EXTRACTED MATERIAL
********

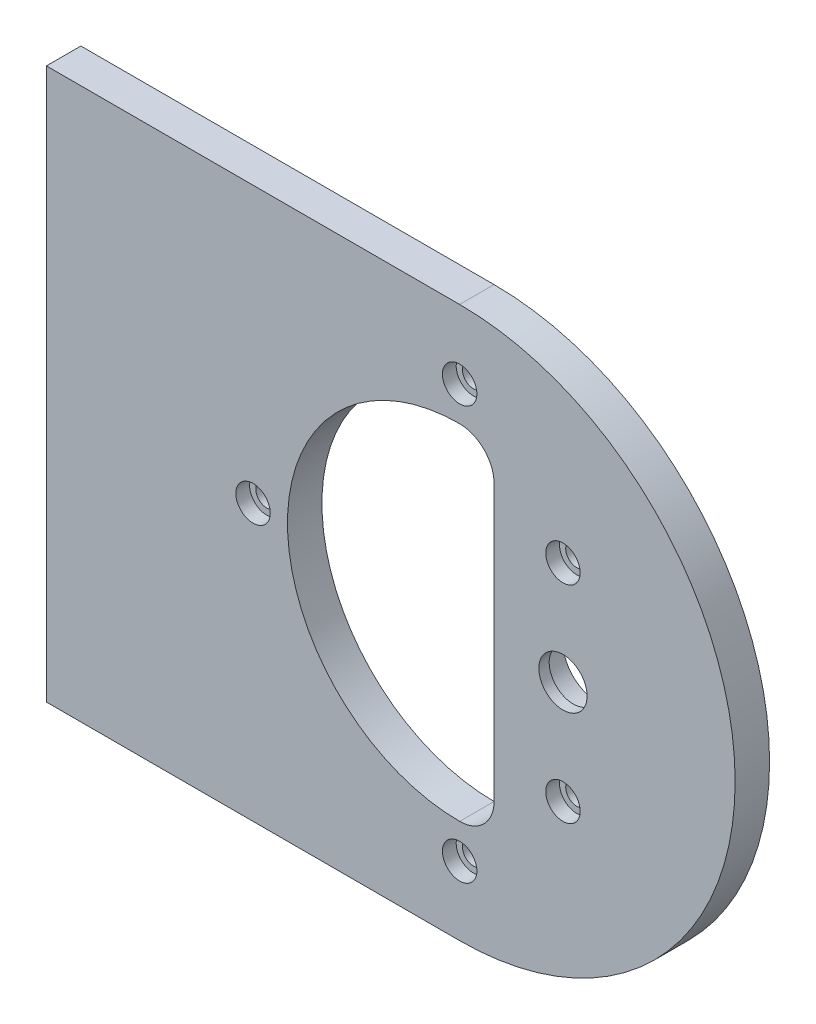
from build123d import *

# Parameters (mm, degrees)
EXTRUDE_1_DEPTH      = 5
CUT_EXTRUDE_2_DEPTH  = 10
SKETCH_4_R           = 5
CUT_EXTRUDE_3_DEPTH  = 3.5
SKETCH_8_R           = 1
CUT_EXTRUDE_7_DEPTH  = 1
SKETCH_10_R          = 2.5
CUT_EXTRUDE_8_DEPTH  = 2
SKETCH_9_R           = 1.6
CUT_EXTRUDE_9_DEPTH  = 3
SKETCH_11_R          = 3.5
CUT_EXTRUDE_10_DEPTH = 10


with BuildPart() as part:
    # 草图1 → 凸台-拉伸1 (new body)
    with BuildSketch(Plane.XY):
        with BuildLine():
            Line((66.457513111, 70), (6.457513111, 70))
            Line((6.457513111, 70), (6.457513111, -10))
            Line((6.457513111, -10), (66.457513111, -10))
            ThreePointArc((66.457513111, -10), (106.457513111, 30), (66.457513111, 70))
        make_face()
    extrude(amount=EXTRUDE_1_DEPTH)

    # 草图3 → 切除-拉伸2 (cut)
    with BuildSketch(Plane.XY):
        with BuildLine():
            Line((71.457513111, 35), (71.457513111, 50))
            ThreePointArc((71.457513111, 50), (69.993047017, 53.535533906), (66.457513111, 55))
            ThreePointArc((66.457513111, 55), (41.457513111, 30), (66.457513111, 5))
            ThreePointArc((66.457513111, 5), (69.993047017, 6.464466094), (71.457513111, 10))
            Line((71.457513111, 10), (71.457513111, 35))
        make_face()
    extrude(amount=CUT_EXTRUDE_2_DEPTH, mode=Mode.SUBTRACT)

    # 草图4 → 切除-拉伸3 (cut)
    with BuildSketch(Plane.XY):
        with Locations((81.457513111, 30)):
            Circle(SKETCH_4_R)
    extrude(amount=CUT_EXTRUDE_3_DEPTH, mode=Mode.SUBTRACT)

    # 草图8 → 切除-拉伸7 (cut)
    with BuildSketch(Plane.XY):
        with Locations((66.457513111, 67.5)):
            Circle(SKETCH_8_R)
        with Locations((92.974017405, 56.516504294)):
            Circle(SKETCH_8_R)
        with Locations((103.957513111, 30)):
            Circle(SKETCH_8_R)
        with Locations((92.974017405, 3.483495706)):
            Circle(SKETCH_8_R)
        with Locations((66.457513111, -7.5)):
            Circle(SKETCH_8_R)
        with Locations((39.941008816, 3.483495706)):
            Circle(SKETCH_8_R)
        with Locations((28.957513111, 30)):
            Circle(SKETCH_8_R)
        with Locations((39.941008816, 56.516504294)):
            Circle(SKETCH_8_R)
    extrude(amount=CUT_EXTRUDE_7_DEPTH, mode=Mode.SUBTRACT)

    # 草图10 → 切除-拉伸8 (cut)
    with BuildSketch(Plane.XY.offset(5)):
        with Locations((66.457513111, 60)):
            Circle(SKETCH_10_R)
        with Locations((81.457513111, 45)):
            Circle(SKETCH_10_R)
        with Locations((66.457513111, 0)):
            Circle(SKETCH_10_R)
        with Locations((36.457513111, 30)):
            Circle(SKETCH_10_R)
        with Locations((81.457513111, 15)):
            Circle(SKETCH_10_R)
    extrude(amount=-CUT_EXTRUDE_8_DEPTH, mode=Mode.SUBTRACT)

    # 草图9 → 切除-拉伸9 (cut)
    with BuildSketch(Plane.XY):
        with Locations((81.457513111, 45)):
            Circle(SKETCH_9_R)
        with Locations((66.457513111, 60)):
            Circle(SKETCH_9_R)
        with Locations((81.457513111, 15)):
            Circle(SKETCH_9_R)
        with Locations((66.457513111, 0)):
            Circle(SKETCH_9_R)
        with Locations((36.457513111, 30)):
            Circle(SKETCH_9_R)
    extrude(amount=CUT_EXTRUDE_9_DEPTH, mode=Mode.SUBTRACT)

    # 草图11 → 切除-拉伸10 (cut)
    with BuildSketch(Plane.XY.offset(5)):
        with Locations((81.457513111, 30)):
            Circle(SKETCH_11_R)
    extrude(amount=-CUT_EXTRUDE_10_DEPTH, mode=Mode.SUBTRACT)


solid = part.part

********

EXERCISE DESCRIPTION
Beginning with the first line of the records above, extract each line exactly through the line that holds "# 草图8 → 切除-拉伸7 (cut)", both ends included. Omit pictures.

REPLY
from build123d import *

# Parameters (mm, degrees)
EXTRUDE_1_DEPTH      = 5
CUT_EXTRUDE_2_DEPTH  = 10
SKETCH_4_R           = 5
CUT_EXTRUDE_3_DEPTH  = 3.5
SKETCH_8_R           = 1
CUT_EXTRUDE_7_DEPTH  = 1
SKETCH_10_R          = 2.5
CUT_EXTRUDE_8_DEPTH  = 2
SKETCH_9_R           = 1.6
CUT_EXTRUDE_9_DEPTH  = 3
SKETCH_11_R          = 3.5
CUT_EXTRUDE_10_DEPTH = 10


with BuildPart() as part:
    # 草图1 → 凸台-拉伸1 (new body)
    with BuildSketch(Plane.XY):
        with BuildLine():
            Line((66.457513111, 70), (6.457513111, 70))
            Line((6.457513111, 70), (6.457513111, -10))
            Line((6.457513111, -10), (66.457513111, -10))
            ThreePointArc((66.457513111, -10), (106.457513111, 30), (66.457513111, 70))
        make_face()
    extrude(amount=EXTRUDE_1_DEPTH)

    # 草图3 → 切除-拉伸2 (cut)
    with BuildSketch(Plane.XY):
        with BuildLine():
            Line((71.457513111, 35), (71.457513111, 50))
            ThreePointArc((71.457513111, 50), (69.993047017, 53.535533906), (66.457513111, 55))
            ThreePointArc((66.457513111, 55), (41.457513111, 30), (66.457513111, 5))
            ThreePointArc((66.457513111, 5), (69.993047017, 6.464466094), (71.457513111, 10))
            Line((71.457513111, 10), (71.457513111, 35))
        make_face()
    extrude(amount=CUT_EXTRUDE_2_DEPTH, mode=Mode.SUBTRACT)

    # 草图4 → 切除-拉伸3 (cut)
    with BuildSketch(Plane.XY):
        with Locations((81.457513111, 30)):
            Circle(SKETCH_4_R)
    extrude(amount=CUT_EXTRUDE_3_DEPTH, mode=Mode.SUBTRACT)

    # 草图8 → 切除-拉伸7 (cut)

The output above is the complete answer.